Required action:
Nothing belongs in the answer except the lines of the material that include "insert".

Data shown:

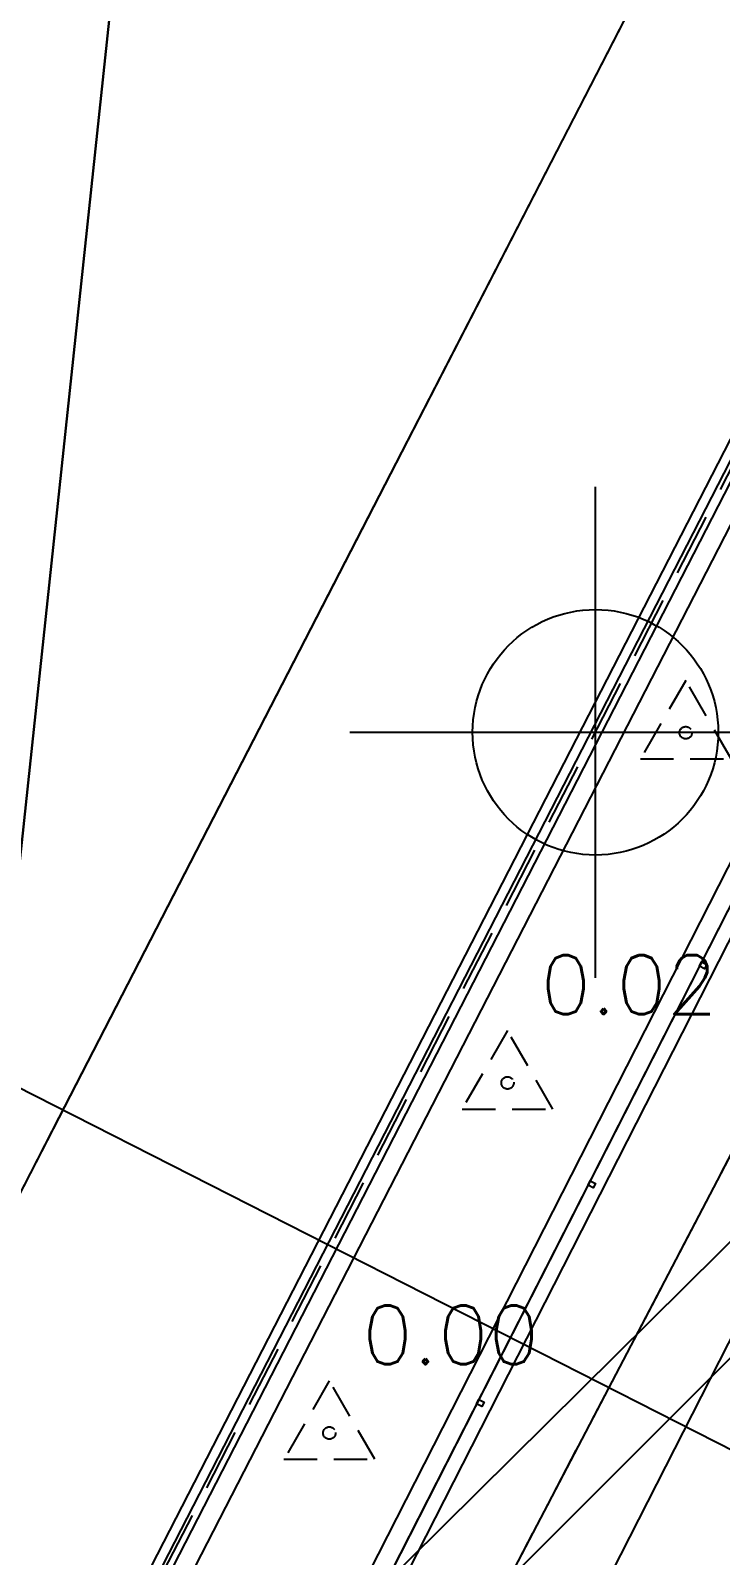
# Model space of a CAD drawing. Header units: metres. Extents: x 543100 to 543604, y 9574012 to 9574398.
# Drawn here: x 543211.69 to 543218.71, y 9574293.94 to 9574309.47 of the extents above; entities that cross this region are included whole.
import ezdxf

# ---------------------------------------------------------------- set-up
doc = ezdxf.new("R2010")
doc.units = ezdxf.units.M
doc.header["$LTSCALE"] = 0.1
for name, pattern in [('CONTINUO', [0]), ('DASHED2', [9.524999999999999, 6.35, -3.175]), ('HIDDEN', [9.524999999999999, 6.35, -3.175])]:
    doc.linetypes.add(name, pattern=pattern)
for name, color, linetype in [('#PROJ_PLATOS', 2, 'HIDDEN'), ('Area praça', 5, 'Continuous'), ('C-TINN-BNDY', 110, 'Continuous'), ('C-TOPO-TEXT', 7, 'Continuous'), ('E2', 7, 'CONTINUO'), ('HACHURA', 1, 'Continuous'), ('IMPL_CANTEIRO', 8, 'Continuous'), ('IMPL_CERCA', 8, 'Continuous'), ('IMPL_MEIO FIO', 8, 'Continuous'), ('IMPLANTAÇÃO', 1, 'Continuous'), ('MalhaTriTG', 7, 'CONTINUO'), ('PROJ_PLATOS', 2, 'DASHED2'), ('PROJ_TERRA_PERFIS', 2, 'Continuous'), ('XREF_IMPLNTACAO', 2, 'Continuous')]:
    doc.layers.add(name, color=color, linetype=linetype)
doc.layers.get('IMPLANTAÇÃO').off()
doc.styles.get("Standard").update_dxf_attribs({"font": 'simplex.shx'})

# ---------------------------------------------------------------- blocks, each defined once
blk = doc.blocks.new('A$C76815E95')
at = {"layer": 'HACHURA'}
h = blk.add_hatch(dxfattribs=at)
h.set_pattern_fill('ANSI31', color=1, scale=0.5, style=0)
h.set_pattern_definition([(45, (-56.71623454557266, -140.2760906778276), (-1.122532015133644, 1.122532015133644), [])])
h.paths.add_polyline_path([(78.50253660278395, -21.53023425675929), (78.1706479433924, -22.02040452882648), (30.00293476006482, -129.1186275184155), (23.85615117452107, -140.2760906778276), (-56.71623454557266, -83.83502537757158), (-56.29154449922498, -82.40403590723872), (-2.601691384217702, 20.28950879722834), (78.41679475666024, -21.48937489651144)])
at = {"layer": 'HACHURA', "color": 8, "elevation": 30.47163635617762, "flags": 128}
blk.add_lwpolyline([(78.50253660278395, -21.53023425675929), (78.1706479433924, -22.02040452882648), (30.00293476006482, -129.1186275184155), (23.85615117452107, -140.2760906778276), (-56.71623454557266, -83.83502537757158), (-56.29154449922498, -82.40403590723872), (-2.601691384217702, 20.28950879722834), (78.41679475666024, -21.48937489651144)], close=True, dxfattribs=at)
blk = doc.blocks.new('CERCA')
at = {"layer": 'IMPL_CERCA', "color": 3}
blk.add_lwpolyline([(-0.02499999990686774, 0), (0.02500000002328306, 0), (0.02500000002328306, -0.06000000052154064), (-0.02499999990686774, -0.06000000052154064)], close=True, dxfattribs=at)
blk = doc.blocks.new('A$C00972E22')
at = {"layer": 'IMPL_CERCA'}
for p, q in [((35.45588274707552, 227.1066698338836), (35.45588275440969, 100.0984222386032)), ((35.45588274707552, 227.1066698338836), (35.45588275440969, 100.0984222386032)), ((35.60588274738787, 221.9614853579645), (35.60588275443297, 100.0984222386032))]:
    blk.add_line(p, q, dxfattribs=at)
at = {"layer": 'IMPL_MEIO FIO', "color": 1}
for p, q in [((35.25588274712209, 226.9000361710787), (35.25588275445625, 100.1813378669322)), ((37.4566201698035, 198.8371305949986), (37.45639717753511, 100.1595799587667))]:
    blk.add_line(p, q, dxfattribs=at)
at = {"layer": 'IMPL_MEIO FIO', "color": 1, "linetype": 'CONTINUO'}
for p, q in [((33.33042439667042, 178.2857374288142), (33.45166255428921, 208.9596297778189)), ((33.43037738464773, 178.2736455295235), (33.55171877937391, 208.9736573975533)), ((33.63028336071875, 178.2494617309421), (33.75183122954331, 209.0017126370221))]:
    blk.add_line(p, q, dxfattribs=at)
at = {"layer": 'IMPL_MEIO FIO'}
blk.add_lwpolyline([(49.73021164140664, 208.937865935266, 0.4046900807881328), (40.05639703234192, 198.9431871976703, 3.03149383033688e-10), (40.05639703653287, 110.7228313833475, 3059019602.697577)], format="xyb", dxfattribs=at)
at = {"layer": 'IMPL_CERCA', "rotation": 90.00000000330859}
for p in [(35.45588274905458, 192.0972031503916), (35.45588274928741, 189.5972031503916), (35.45588274940383, 187.0972031503916)]:
    blk.add_blockref('CERCA', p, dxfattribs=at)
blk = doc.blocks.new('Base_Implantacao')
at = {"layer": 'Area praça'}
blk.add_lwpolyline([(543169.375966441, 9574203.375737434), (543253.5850714714, 9574146.03478178), (543319.7998506648, 9574291.166109739), (543234.3774111079, 9574331.16525853)], close=True, dxfattribs=at)
at = {"layer": 'IMPLANTAÇÃO', "rotation": 333.0393706475627}
blk.add_blockref('A$C00972E22', (543099.8097354489, 9574144.815856133), dxfattribs=at)
at = {"layer": 'MalhaTriTG', "color": 132}
mesh = blk.add_polyface(dxfattribs=at)
corners = [(543224.664, 9574302.936, 30.992), (543210.265, 9574288.67, 31.209), (543216.703, 9574288.465, 31.154), (543213.734, 9574321.335, 30.969), (543218.85, 9574331.345, 30.895), (543226.223, 9574326.207, 30.933), (543224.268, 9574315.932, 31.062), (543219.876, 9574286.567, 30.533), (543193.607, 9574282.384, 31.298), (543227.396, 9574302.372, 30.53), (543227.186, 9574316.359, 31.22), (543239.215, 9574322.014, 30.485), (543230.57, 9574334.709, 30.757), (543225.45, 9574344.044, 30.865), (543250.101, 9574371.359, 30.793), (543235.218, 9574379.328, 30.85), (543243.115, 9574295.416, 30.237), (543260.488, 9574287.844, 29.96), (543254.859, 9574311.797, 30.344), (543254.233, 9574321.821, 30.714), (543271.924, 9574304.366, 30.172), (543267.489, 9574362.43, 30.657), (543240.338, 9574372.751, 30.753), (543240.528, 9574376.308, 30.661), (543253.768, 9574378.732, 30.858), (543253.993, 9574377.599, 30.878), (543254.701, 9574379.306, 30.904), (543255.768, 9574376.437, 30.874), (543276.872, 9574367.935, 30.831), (543257.017, 9574378.285, 30.88)]
mesh.append_faces([[corners[k] for k in face] for face in [(0, 1, 2), (0, 3, 1), (4, 3, 5), (0, 6, 3), (5, 3, 6), (2, 7, 0), (3, 8, 1), (0, 9, 10), (9, 0, 7), (10, 9, 11), (10, 5, 6), (4, 12, 13), (4, 5, 12), (11, 12, 5), (13, 12, 14), (5, 10, 11), (6, 0, 10), (3, 4, 15), (15, 4, 13), (9, 16, 11), (16, 17, 18), (19, 18, 20), (20, 18, 17), (19, 21, 12), (19, 11, 18), (18, 11, 16), (22, 14, 23), (13, 14, 22), (23, 14, 24), (22, 23, 15), (23, 24, 15), (24, 14, 25), (24, 25, 26), (15, 24, 26), (14, 27, 25), (15, 13, 22), (21, 28, 29), (25, 29, 26), (29, 25, 27), (29, 27, 21), (21, 27, 14), (21, 14, 12), (19, 12, 11)]], dxfattribs={"color": 132})
mesh = blk.add_polyface(dxfattribs=at)
corners = [(543171.354, 9574251.993, 31.713), (543171.446, 9574245.35, 31.562), (543174.643, 9574250.343, 31.617), (543177.486, 9574251.493, 31.583), (543176.945, 9574251.63, 31.885), (543181.596, 9574259.408, 31.511), (543185.749, 9574267.493, 31.344), (543187.66, 9574251.739, 31.282), (543167.995, 9574247.104, 31.561), (543167.97, 9574247.095, 31.529), (543196.349, 9574252.1, 31.162), (543195.063, 9574265.953, 31.204), (543195.272, 9574266.43, 31.205), (543200.055, 9574258.953, 31), (543193.607, 9574282.384, 31.298), (543198.328, 9574272.347, 31.094), (543205.574, 9574256.078, 30.667), (543204.251, 9574268.12, 30.896), (543200.318, 9574249.958, 30.749), (543201.775, 9574278.74, 31.049), (543219.876, 9574286.567, 30.533), (543210.265, 9574288.67, 31.209), (543221.894, 9574259.531, 30.495), (543209.413, 9574244.793, 30.556), (543240.585, 9574250.291, 30.176), (543233.957, 9574278.918, 30.446), (543223.881, 9574236.865, 30.379), (543216.703, 9574288.465, 31.154), (543227.396, 9574302.372, 30.53), (543243.115, 9574295.416, 30.237), (543251.291, 9574270.529, 30.114), (543259.882, 9574241.736, 30.032), (543260.488, 9574287.844, 29.96), (543270.435, 9574261.497, 30.138)]
mesh.append_faces([[corners[k] for k in face] for face in [(0, 1, 2), (2, 3, 4), (0, 4, 5), (4, 0, 2), (5, 4, 3), (0, 5, 6), (3, 7, 5), (8, 0, 9), (7, 10, 11), (12, 11, 13), (11, 6, 5), (14, 6, 15), (12, 6, 11), (15, 6, 12), (6, 14, 0), (11, 10, 13), (11, 5, 7), (16, 17, 13), (17, 12, 13), (18, 16, 13), (15, 17, 19), (15, 12, 17), (20, 19, 17), (21, 14, 19), (13, 10, 18), (17, 22, 20), (22, 16, 23), (24, 25, 22), (22, 17, 16), (24, 22, 26), (23, 16, 18), (25, 20, 22), (21, 20, 27), (20, 21, 19), (20, 25, 28), (29, 28, 25), (19, 14, 15), (25, 24, 30), (29, 25, 30), (24, 31, 30), (29, 30, 32), (33, 30, 31), (33, 32, 30)]], dxfattribs={"color": 132})
blk = doc.blocks.new('STA')
blk.add_lwpolyline([(0, 0.9999999999999964), (-0.8660254037844339, -0.5000000000000036), (0.8660254037844339, -0.5000000000000036)], close=True)
blk.add_circle((0, 0), 0.1181215260333346)

msp = doc.modelspace()

# ---------------------------------------------------------------- linework, layer by layer
at = {"layer": '#PROJ_PLATOS'}
for p, q in [((543210.430299751, 9574288.698598247, 31.21), (543224.4411708936, 9574315.942238396, 31.06)), ((543174.1399279292, 9574212.57016413, 31.4), (543227.8297810442, 9574315.263708834, 30.85))]:
    msp.add_line(p, q, dxfattribs=at)
at = {"layer": 'Area praça'}
msp.add_lwpolyline([(543169.375966441, 9574203.375737434), (543253.5850714714, 9574146.03478178), (543319.7998506648, 9574291.166109739), (543234.3774111079, 9574331.16525853)], close=True, dxfattribs=at)
at = {"layer": 'C-TINN-BNDY', "color": 110, "linetype": 'Continuous', "lineweight": -3}
for points in [[(543173.3936387443, 9574195.97504983, 31.05), (543164.1535311022, 9574205.609224685, 31.55), (543171.3201330855, 9574219.703092232, 31.38), (543181.4100280971, 9574239.043291226, 31.32), (543195.4145483043, 9574266.16241147, 31.2), (543201.9199596004, 9574278.8552629, 31.05), (543226.2907776149, 9574326.206030129, 30.93), (543232.196614905, 9574326.994622743, 30.6), (543317.7262855232, 9574286.616093269, 30), (543317.4579577344, 9574286.033086067, 30), (543308.6021203718, 9574272.953795508, 30.49), (543262.267551907, 9574164.283969274, 30.8), (543256.7435913504, 9574152.957710333, 30.8), (543241.9609805408, 9574120.556787703, 30.8), (543229.5529237649, 9574136.480036132, 30.5), (543208.8046409577, 9574161.625109471, 30.7), (543197.0614943682, 9574173.702004582, 30.7)], [(543173.3936387443, 9574195.97504983, 31.05), (543164.1535311022, 9574205.609224685, 31.55), (543171.3201330855, 9574219.703092232, 31.38), (543181.4100280971, 9574239.043291226, 31.32), (543195.4145483043, 9574266.16241147, 31.2), (543201.9199596004, 9574278.8552629, 31.05), (543226.2907776149, 9574326.206030129, 30.93), (543232.196614905, 9574326.994622743, 30.6), (543317.7262855232, 9574286.616093269, 30), (543317.4579577344, 9574286.033086067, 30), (543308.6021203718, 9574272.953795508, 30.49), (543262.267551907, 9574164.283969274, 30.8), (543256.7435913504, 9574152.957710333, 30.8), (543241.9609805408, 9574120.556787703, 30.8), (543229.5529237649, 9574136.480036132, 30.5), (543208.8046409577, 9574161.625109471, 30.7), (543197.0614943682, 9574173.702004582, 30.7)], [(543211.1837855158, 9574296.85421822, -0.1426800513202124), (543211.9791048742, 9574298.399467206, -0.1305793299997902), (543215.1267335308, 9574304.515085965, -0.07963359116042312), (543218.174857461, 9574310.437374115, -0.03003784452831226)], [(543211.1837855158, 9574296.85421822, -0.1426800513202124), (543211.9791048742, 9574298.399467206, -0.1305793299997902), (543215.1267335308, 9574304.515085965, -0.07963359116042312), (543218.174857461, 9574310.437374115, -0.03003784452831226)]]:
    msp.add_polyline3d(points, dxfattribs=at)
at = {"layer": 'E2', "color": 7, "linetype": 'CONTINUO', "flags": 128}
msp.add_lwpolyline([(543250.322, 9574065.652), (543251.079, 9574072.337), (543252.639, 9574083.92), (543253.689, 9574094.488), (543251.976, 9574103.299), (543249.491, 9574108.999), (543244.423, 9574117.288), (543234.75, 9574129.498), (543227.87, 9574138.514), (543217.527, 9574151.083), (543204.89, 9574166.147), (543199.388, 9574171.327), (543189.881, 9574180.728), (543176.729, 9574192.765), (543167.061, 9574201.461), (543163.739, 9574205.256), (543165.999, 9574209.837), (543171.161, 9574219.715), (543174.98, 9574227.004), (543180.842, 9574238.534), (543187.66, 9574251.739), (543195.063, 9574265.953), (543195.272, 9574266.43), (543198.328, 9574272.347), (543201.775, 9574278.74), (543210.265, 9574288.67), (543224.268, 9574315.932), (543226.223, 9574326.207), (543230.57, 9574334.709), (543250.101, 9574371.359), (543267.489, 9574362.43), (543350.095, 9574319.461), (543396.907, 9574295.117), (543404.363, 9574291.815), (543405.31, 9574291.616), (543407.413, 9574291.925), (543409.146, 9574292.849), (543411.568, 9574296.196)], dxfattribs=at)
at = {"layer": 'IMPL_CANTEIRO', "color": 7, "linetype": 'Continuous', "lineweight": -3}
for p, q in [((543217.4357353223, 9574299.82041832, 31.13499999997774), (543217.4357353223, 9574304.82041832, 31.13499999997774)), ((543214.9357353223, 9574302.32041832, 31.13499999997774), (543219.9357353223, 9574302.32041832, 31.13499999997774))]:
    msp.add_line(p, q, dxfattribs=at)
msp.add_circle((543217.4357353223, 9574302.32041832, 31.13499999997774), 1.25, dxfattribs=at)
at = {"layer": 'PROJ_TERRA_PERFIS', "elevation": 31, "flags": 128}
msp.add_lwpolyline([(543205.5864679855, 9574301.745670393), (543326.2333213707, 9574240.377416538)], dxfattribs=at)

# ---------------------------------------------------------------- block references
at = {"layer": 'HACHURA', "color": 1}
msp.add_blockref('A$C76815E95', (543230.4314724284, 9574294.974200036, -0.07163635617761699), dxfattribs=at)
at = {"layer": 'PROJ_PLATOS', "color": 2, "linetype": 'Continuous', "lineweight": -3, "xscale": 0.5333333333333333, "yscale": 0.5333333333333333, "zscale": 0.5333333333333333}
for p in [(543218.3544598084, 9574302.315830655, 0.03762931667693206), (543216.5409472485, 9574298.750557568, 0.01738023294732532), (543214.7274346884, 9574295.185284479, -0.003103168541162192)]:
    msp.add_blockref('STA', p, dxfattribs=at)
at = {"layer": 'XREF_IMPLNTACAO'}
msp.add_blockref('Base_Implantacao', (0, 0), dxfattribs=at)

# ---------------------------------------------------------------- texts
at = {"layer": 'C-TOPO-TEXT', "color": 7, "linetype": 'Continuous', "lineweight": -3, "char_height": 0.6, "attachment_point": 4}
for s, insert in [('0.02', (543216.8759472484, 9574299.750557568)), ('0.00', (543215.0624346883, 9574296.185284479))]:
    msp.add_mtext(s, dxfattribs=dict(at, insert=insert))

# ---------------------------------------------------------------- meshes
at = {"layer": 'MalhaTriTG', "color": 132}
mesh = msp.add_polyface(dxfattribs=at)
corners = [(543224.664, 9574302.936, 30.992), (543210.265, 9574288.67, 31.209), (543216.703, 9574288.465, 31.154), (543213.734, 9574321.335, 30.969), (543218.85, 9574331.345, 30.895), (543226.223, 9574326.207, 30.933), (543224.268, 9574315.932, 31.062), (543219.876, 9574286.567, 30.533), (543193.607, 9574282.384, 31.298), (543227.396, 9574302.372, 30.53), (543227.186, 9574316.359, 31.22), (543239.215, 9574322.014, 30.485), (543230.57, 9574334.709, 30.757), (543225.45, 9574344.044, 30.865), (543250.101, 9574371.359, 30.793), (543235.218, 9574379.328, 30.85), (543243.115, 9574295.416, 30.237), (543260.488, 9574287.844, 29.96), (543254.859, 9574311.797, 30.344), (543254.233, 9574321.821, 30.714), (543271.924, 9574304.366, 30.172), (543267.489, 9574362.43, 30.657), (543240.338, 9574372.751, 30.753), (543240.528, 9574376.308, 30.661), (543253.768, 9574378.732, 30.858), (543253.993, 9574377.599, 30.878), (543254.701, 9574379.306, 30.904), (543255.768, 9574376.437, 30.874), (543276.872, 9574367.935, 30.831), (543257.017, 9574378.285, 30.88)]
mesh.append_faces([[corners[k] for k in face] for face in [(0, 1, 2), (0, 3, 1), (4, 3, 5), (0, 6, 3), (5, 3, 6), (2, 7, 0), (3, 8, 1), (0, 9, 10), (9, 0, 7), (10, 9, 11), (10, 5, 6), (4, 12, 13), (4, 5, 12), (11, 12, 5), (13, 12, 14), (5, 10, 11), (6, 0, 10), (3, 4, 15), (15, 4, 13), (9, 16, 11), (16, 17, 18), (19, 18, 20), (20, 18, 17), (19, 21, 12), (19, 11, 18), (18, 11, 16), (22, 14, 23), (13, 14, 22), (23, 14, 24), (22, 23, 15), (23, 24, 15), (24, 14, 25), (24, 25, 26), (15, 24, 26), (14, 27, 25), (15, 13, 22), (21, 28, 29), (25, 29, 26), (29, 25, 27), (29, 27, 21), (21, 27, 14), (21, 14, 12), (19, 12, 11)]], dxfattribs={"color": 132})
mesh = msp.add_polyface(dxfattribs=at)
corners = [(543171.354, 9574251.993, 31.713), (543171.446, 9574245.35, 31.562), (543174.643, 9574250.343, 31.617), (543177.486, 9574251.493, 31.583), (543176.945, 9574251.63, 31.885), (543181.596, 9574259.408, 31.511), (543185.749, 9574267.493, 31.344), (543187.66, 9574251.739, 31.282), (543167.995, 9574247.104, 31.561), (543167.97, 9574247.095, 31.529), (543196.349, 9574252.1, 31.162), (543195.063, 9574265.953, 31.204), (543195.272, 9574266.43, 31.205), (543200.055, 9574258.953, 31), (543193.607, 9574282.384, 31.298), (543198.328, 9574272.347, 31.094), (543205.574, 9574256.078, 30.667), (543204.251, 9574268.12, 30.896), (543200.318, 9574249.958, 30.749), (543201.775, 9574278.74, 31.049), (543219.876, 9574286.567, 30.533), (543210.265, 9574288.67, 31.209), (543221.894, 9574259.531, 30.495), (543209.413, 9574244.793, 30.556), (543240.585, 9574250.291, 30.176), (543233.957, 9574278.918, 30.446), (543223.881, 9574236.865, 30.379), (543216.703, 9574288.465, 31.154), (543227.396, 9574302.372, 30.53), (543243.115, 9574295.416, 30.237), (543251.291, 9574270.529, 30.114), (543259.882, 9574241.736, 30.032), (543260.488, 9574287.844, 29.96), (543270.435, 9574261.497, 30.138)]
mesh.append_faces([[corners[k] for k in face] for face in [(0, 1, 2), (2, 3, 4), (0, 4, 5), (4, 0, 2), (5, 4, 3), (0, 5, 6), (3, 7, 5), (8, 0, 9), (7, 10, 11), (12, 11, 13), (11, 6, 5), (14, 6, 15), (12, 6, 11), (15, 6, 12), (6, 14, 0), (11, 10, 13), (11, 5, 7), (16, 17, 13), (17, 12, 13), (18, 16, 13), (15, 17, 19), (15, 12, 17), (20, 19, 17), (21, 14, 19), (13, 10, 18), (17, 22, 20), (22, 16, 23), (24, 25, 22), (22, 17, 16), (24, 22, 26), (23, 16, 18), (25, 20, 22), (21, 20, 27), (20, 21, 19), (20, 25, 28), (29, 28, 25), (19, 14, 15), (25, 24, 30), (29, 25, 30), (24, 31, 30), (29, 30, 32), (33, 30, 31), (33, 32, 30)]], dxfattribs={"color": 132})

doc.saveas('drawing.dxf')

Answer to the exercise:
for s, insert in [('0.02', (543216.8759472484, 9574299.750557568)), ('0.00', (543215.0624346883, 9574296.185284479))]:
    msp.add_mtext(s, dxfattribs=dict(at, insert=insert))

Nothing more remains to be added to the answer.